Directions
From the line with "of L6.end P0" through the final line, please write out the listing exactly, including both of those lines.

** Raw data follows **

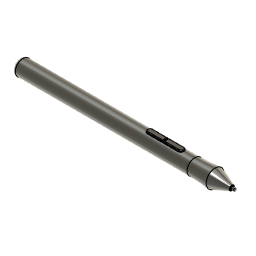
pen (Autodesk Fusion 360 design; units mm, degrees)
Autodesk Fusion 360 part; units mm, degrees
sketch "Sketch1" plane through (0, 0, 0) normal (0, 1, 0) x (1, 0, 0)
  line L0 (-138.8, 0) -> (-138.8, 3)
  arc A0 (-136.8, 5) -> (-138.8, 3) centre (-136.8, 3) ccw
  line L1 (-136.8, 5) -> (-26.5, 5)
  arc A1 (-26.5, 5) -> (-13.5, 5.75) centre (-26.5, 118.0417) ccw
  line L2 (-13.5, 5.75) -> (-2.5, 1.5)
  line L3 (-2.5, 1.5) -> (-2.5, 0.8)
  line L4 (-2.5, 0.8) -> (-0.8, 0.8)
  arc A2 (0, 0) -> (-0.8, 0.8) centre (-0.8, 0) ccw
  line L5 (0, 5) -> (0, -5) construction
  line L6 (1.75, 0) -> (22.5, 0)
  line L7 (-138.8, 0) -> (0, 0)
  dimension "d1" = 0.8
  dimension "d2" = 2.5
  dimension "d3" = 1.5
  dimension "d4" = 11
  dimension "d5" = 5.75
  dimension "d6" = 5
  dimension "d7" = 13
  dimension "d8" = 3
  dimension "d9" = 125.3
  constraint vertical L0
  constraint tangent L0 A0
  constraint tangent A0 L1
  constraint perpendicular L0 L1
  constraint tangent L1 A1
  constraint perpendicular L1 L3
  constraint perpendicular L3 L4
  constraint coincident A2.start L7.end
  constraint tangent L4 A2
  constraint vertical L5
  constraint tangent A2 L5
  constraint coincident L0.start L6
  measures "d1" radius of A2
  measures "d2" horizontal distance of A2.start L3.end
  measures "d3" vertical distance of A2.start L2.end
  measures "d4" horizontal distance of A1.end L2.end
  measures "d5" vertical distance of A2.start A1.end
  measures "d6" vertical distance of A2.start L1.end
  measures "d7" horizontal distance of L1.end A1.end
  measures "d8" distance of L0.start L0.end
  measures "d9" horizontal distance of L0.start A1.end
revolve "Revolve1" add sketch "Sketch1" angle 360 about axis through (1.75, 0, 0) along (1, 0, 0)
sketch "Sketch2" plane through (0, 0, 0) normal (0, 0, 1) x (1, 0, 0)
  line L0 (-45, 1.75) -> (-45, -1.75)
  line L1 (-45, -1.75) -> (-35.25, -1.75)
  arc A0 (-35.25, -1.75) -> (-35.25, 1.75) centre (-35.25, 0) ccw
  line L2 (-35.25, 1.75) -> (-45, 1.75)
  line L3 (-45.5, 1.75) -> (-45.5, -1.75)
  line L4 (-45.5, -1.75) -> (-55.25, -1.75)
  arc A1 (-55.25, 1.75) -> (-55.25, -1.75) centre (-55.25, 0) ccw
  line L5 (-55.25, 1.75) -> (-45.5, 1.75)
  line L6 (-57, 0) -> (-33.5, 0) construction
  point P0 (-13.5, 0)
  dimension "d11" = 0.5
  dimension "d12" = 3.5
  dimension "d13" = 23.5
  dimension "d14" = 20
  constraint vertical L0
  constraint perpendicular L0 L1
  constraint tangent L1 A0
  constraint tangent A0 L2
  constraint perpendicular L2 L3
  constraint perpendicular L3 L4
  constraint tangent L4 A1
  constraint tangent A1 L5
  constraint collinear L2 L5
  constraint collinear L1 L4
  constraint equal L2 L5
  constraint midpoint A1 L6.start
  constraint midpoint A0 L6.end
  constraint coincident origin L6
  measures "d11" distance of L0.start L3.start
  measures "d12" distance of L1.end A0.end
  measures "d13" distance of L6.start L6.end
  measures "d14" distance of L6.end P0
extrude "Extrude1" add sketch "Sketch2" along normal blind 5.75
fillet "Fillet1" radius 0.4 8 edges at (-40.125, -1.75, 5.75) (-33.5, 0, 5.75) (-40.125, 1.75, 5.75) (-50.375, 1.75, 5.75) (-57, 0, 5.75) (-50.375, -1.75, 5.75) (-45.5, 0, 5.75) (-45, 0, 5.75)
fillet "Fillet1" radius 0.4 1 edges at (-2.5, -0.5424, 1.3985)

** End of Raw data **

Task result
  measures "d14" distance of L6.end P0
extrude "Extrude1" add sketch "Sketch2" along normal blind 5.75
fillet "Fillet1" radius 0.4 8 edges at (-40.125, -1.75, 5.75) (-33.5, 0, 5.75) (-40.125, 1.75, 5.75) (-50.375, 1.75, 5.75) (-57, 0, 5.75) (-50.375, -1.75, 5.75) (-45.5, 0, 5.75) (-45, 0, 5.75)
fillet "Fillet1" radius 0.4 1 edges at (-2.5, -0.5424, 1.3985)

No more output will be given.